解: (1) 由旋转得$AD = AE$,
$\angle DAE = \angle BAC$,
$\therefore \angle CAE = \angle BAD$,
$\because AB = AC$,$\therefore \triangle ABD \cong \triangle ACE$,
$\therefore BD = CE$;
(2)$\because AD = AE$,
$\angle DAE = 42^{\circ}$,$DE \perp AC$,
$\therefore \angle CAE = \frac{1}{2} \angle DAE = 21^{\circ}$.
由(1)得$\triangle ABD \cong \triangle ACE$,
$\therefore \angle BAD = \angle CAE = 21^{\circ}$.
4. (2025 沈阳)如图,将$\triangle ABC绕着点A顺时针旋转得到\triangle ADE$,延长$CB$,$DE交于点F$.
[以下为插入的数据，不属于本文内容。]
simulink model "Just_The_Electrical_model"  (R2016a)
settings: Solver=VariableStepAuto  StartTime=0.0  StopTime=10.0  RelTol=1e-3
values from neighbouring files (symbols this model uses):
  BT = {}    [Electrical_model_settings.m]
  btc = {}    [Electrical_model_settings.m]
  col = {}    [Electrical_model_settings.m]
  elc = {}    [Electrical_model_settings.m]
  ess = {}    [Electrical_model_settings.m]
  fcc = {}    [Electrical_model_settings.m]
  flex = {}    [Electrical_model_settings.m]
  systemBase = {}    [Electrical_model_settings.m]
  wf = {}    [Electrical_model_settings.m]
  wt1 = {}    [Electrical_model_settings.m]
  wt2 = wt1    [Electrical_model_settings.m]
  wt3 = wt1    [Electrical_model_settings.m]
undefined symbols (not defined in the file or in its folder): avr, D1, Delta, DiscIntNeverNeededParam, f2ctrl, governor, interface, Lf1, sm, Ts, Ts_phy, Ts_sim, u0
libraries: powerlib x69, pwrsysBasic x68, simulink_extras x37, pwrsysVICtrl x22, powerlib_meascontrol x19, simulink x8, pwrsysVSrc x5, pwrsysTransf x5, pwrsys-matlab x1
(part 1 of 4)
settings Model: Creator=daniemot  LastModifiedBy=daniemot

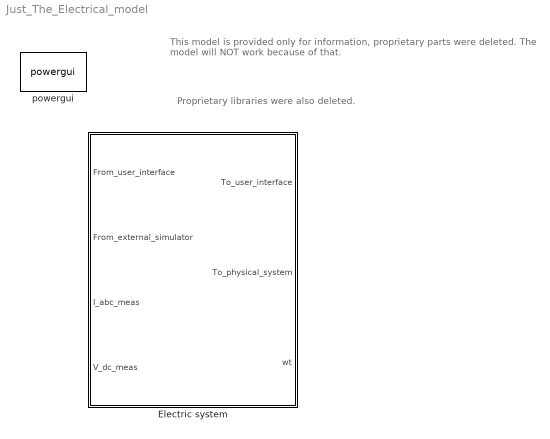
== system Just_The_Electrical_model ==
  note: Proprietary libraries were also deleted.
  note: This model is provided only for information, proprietary parts were deleted.
      | The model will NOT work because of that.
  Electric system : Subsystem
  powergui : powerlib/powergui  Priority=1  SimulationMode=Discrete  SolverType=Tustin  SampleTime=max(Ts_phy,Ts_sim)  frequency=60  SPID=off  DisableSnubberDevices=off  DisableRonSwitches=off  DisableVfSwitches=off  SwTol=0  DisplayEquations=off  Interpol=off  ExternalGateDelay=off  methode=off  Ts=0  FunctionMessages=off  echomessages=off  HookPort=off  EnableUseOfTLC=off  x0status=blocks  frequencyindice=0  Pbase=100e6  ErrMax=1e-4  Iterations=50  UnitsV=kV  UnitsW=MW  buscounter=0  RestoreLinks=warning  ResistiveCurrentMeasurement=off  Frange=[0:2:500]  Ylog=off  Xlog=on  ShowGrid=off  save=off  variable=ZData  structure=0  ZoomFFT=off  StartTime=0.0  cycles=1  DisplayStyle=1  fundamental=60  FreqAxis=off  MaxFrequency=1000  frequencyindicesteady=1  RmsSteady=1  display=off

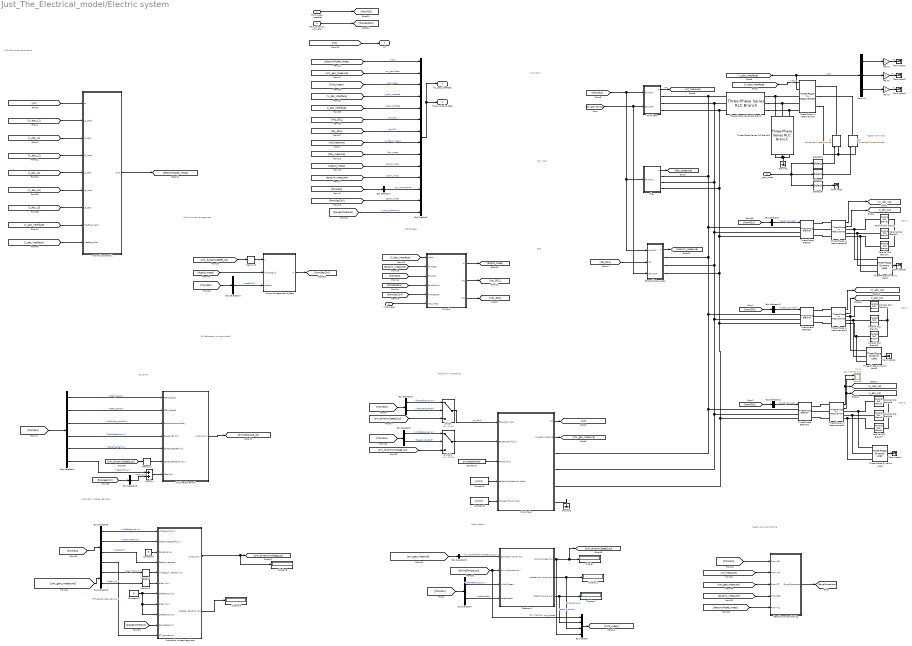
== system Just_The_Electrical_model/Electric system ==
  note: Egston terminals
  note: RMS and power calculation
  note: Automatic voltage regulator
  note: Back emf + reactance
  note: Mech.rotation
  note: Governor
  note: SM Generator (simple model)
  note: Load 3
  note: Load 2
  note: Load 1
  note: Wind
      | farm
  note: Flex
      | load
  note: DC Storage
  note: ESS
  note: Active Power Management
  note: Reactive Power Sharing
  From_user_interface : Inport
  From_external_simulator : Inport  Port=2
  I_abc_meas : Inport  Port=3
  V_dc_meas : Inport  Port=4
  Automatic voltage regulator : Subsystem
  Bus Creator : BusCreator  Inputs=4
  Bus Creator2 : BusCreator  Inputs=14
  Bus Selector1 : BusSelector  OutputSignals=load1_connect
  Bus Selector10 : BusSelector  OutputSignals=sm_backEmfPowerMeasure_pu
  Bus Selector11 : BusSelector  OutputSignals=load2_connect
  Bus Selector12 : BusSelector  OutputSignals=load3_connect
  Bus Selector14 : BusSelector  OutputSignals=resetPMS
  Bus Selector2 : BusSelector  OutputSignals=load1_connect,load2_connect,load3_connect,ESS_connect,WF_connect,WT1_connect,WT2_connect,WT3_connect,Flex_connect,WF_windsim,ESSPHIL_enable,ExtSim_enable,voltRef_ESS_pu,voltRef_WT1_pu,voltRef_WT2_pu,voltRef_WT3_pu,PRef_FC_pu,PRef_ELY_pu,PRef_Batt_pu,PRef_GT_pu  OutputAsBus=on
  Bus Selector3 : BusSelector  OutputSignals=Psec_gt
  Bus Selector4 : BusSelector  OutputSignals=FCRN_Case2,FCRN_Case3,turbDelay_enable,freqReference pu,deltaFreqRef pu,PRef_GT_pu
  Bus Selector5 : BusSelector  OutputSignals=voltReference pu,freezeVoltAtRef
  Bus Selector6 : BusSelector  OutputSignals=freqReference pu,freezeFreqAtRef
  Bus Selector7 : BusSelector  OutputSignals=freqReference pu,resetSpeed
  Bus Selector8 : BusSelector  OutputSignals=voltReference pu,deltaVoltRef pu,resetAVR,GT_ReactiveConsensus
  Bus Selector9 : BusSelector  OutputSignals=Vgen_filt [pu],Qgen_pu
  Constant1 : Constant  Value=sm.phaseInitial  SampleTime=Ts
  Constant12 : Constant  Value=0  SampleTime=Ts
  Constant2 : Constant  Value=[0 0 0]  SampleTime=Ts
  Constant3 : Constant  Value=[0 0 0]  SampleTime=Ts
  Constant4 : Constant  Value=0  SampleTime=Ts
  DC Grid : Subsystem
  Demux1 : Demux  Outputs=3
  Display{,1..3,5} (5 alike) : Display
  ESS_Grid_Converter : Subsystem
  Flex : Subsystem
  Gain1 : Gain
  Gain2 : Gain
  Gain3 : Gain
  Ground1 : powerlib/Elements/Ground  LConnTagsString=a
  Ground3 : powerlib/Elements/Ground  LConnTagsString=a
  IL : powerlib/Electrical Sources/Controlled Current Source  Initialize=on  Source_Type=AC  Amplitude=0  Phase=0  Frequency=0  Measurements=None
  IL1 : powerlib/Electrical Sources/Controlled Current Source  Initialize=on  Source_Type=AC  Amplitude=0  Phase=0  Frequency=0  Measurements=None
  Memory{1..4} (4 alike) : Memory
  Parallel RLC Branch : powerlib/Elements/Parallel RLC Branch  LConnTagsString=a  RConnTagsString=__new0  BranchType=RL  Resistance=load.R(1)/(1-load.ConstPratio(1))  Inductance=load.L(1)/(1-load.ConstPratio(1))  SetiL0=off  InitialCurrent=0  Capacitance=1e-6  Setx0=off  InitialVoltage=0  Measurements=None
  Parallel RLC Branch1 : powerlib/Elements/Parallel RLC Branch  LConnTagsString=a  RConnTagsString=__new0  BranchType=RL  Resistance=load.R(1)/(1-load.ConstPratio(1))  Inductance=load.L(1)/(1-load.ConstPratio(1))  SetiL0=off  InitialCurrent=0  Capacitance=1e-6  Setx0=off  InitialVoltage=0  Measurements=None
  Parallel RLC Branch2 : powerlib/Elements/Parallel RLC Branch  LConnTagsString=a  RConnTagsString=__new0  BranchType=RL  Resistance=load.R(1)/(1-load.ConstPratio(1))  Inductance=load.L(1)/(1-load.ConstPratio(1))  SetiL0=off  InitialCurrent=0  Capacitance=1e-6  Setx0=off  InitialVoltage=0  Measurements=None
  Parallel RLC Branch3 : powerlib/Elements/Parallel RLC Branch  LConnTagsString=a  RConnTagsString=__new0  BranchType=RL  Resistance=load.R(2)/(1-load.ConstPratio(2))  Inductance=load.L(2)/(1-load.ConstPratio(2))  SetiL0=off  InitialCurrent=0  Capacitance=1e-6  Setx0=off  InitialVoltage=0  Measurements=None
  Parallel RLC Branch4 : powerlib/Elements/Parallel RLC Branch  LConnTagsString=a  RConnTagsString=__new0  BranchType=RL  Resistance=load.R(2)/(1-load.ConstPratio(2))  Inductance=load.L(2)/(1-load.ConstPratio(2))  SetiL0=off  InitialCurrent=0  Capacitance=1e-6  Setx0=off  InitialVoltage=0  Measurements=None
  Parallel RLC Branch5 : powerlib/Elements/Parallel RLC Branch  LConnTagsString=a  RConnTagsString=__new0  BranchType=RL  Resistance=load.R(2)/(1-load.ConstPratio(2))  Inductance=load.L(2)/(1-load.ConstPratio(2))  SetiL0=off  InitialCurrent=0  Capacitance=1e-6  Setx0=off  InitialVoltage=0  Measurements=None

(1)求证:$\angle CAE+\angle CFD= 180^{\circ}$;
(2)若$\angle BAC= 50^{\circ}$,$AD// CE$,求$\angle DFC$的度数.

答案

解: (1) 由旋转得$\triangle ABC \cong \triangle ADE$,
$\therefore \angle AED = \angle ACB$.
$\because \angle AED + \angle AEF = 180^{\circ}$,
$\therefore \angle AEF + \angle ACF = 180^{\circ}$,
$\because \angle ACB + \angle AEF + \angle DFC + \angle CAE = 360^{\circ}$,
$\therefore \angle DFC + \angle EAC = 180^{\circ}$;
(2) 由旋转得$AE = AC$,
$\angle BAC = \angle DAE$.
$\because AD // CE$,
$\therefore \angle AEC = \angle DAE = 50^{\circ}$,
$\therefore \angle AEC = \angle ACE = 50^{\circ}$,
$\therefore \angle EAC = 80^{\circ}$.
由(1)得$\angle DFC + \angle EAC = 180^{\circ}$,
$\therefore \angle DFC = 100^{\circ}$.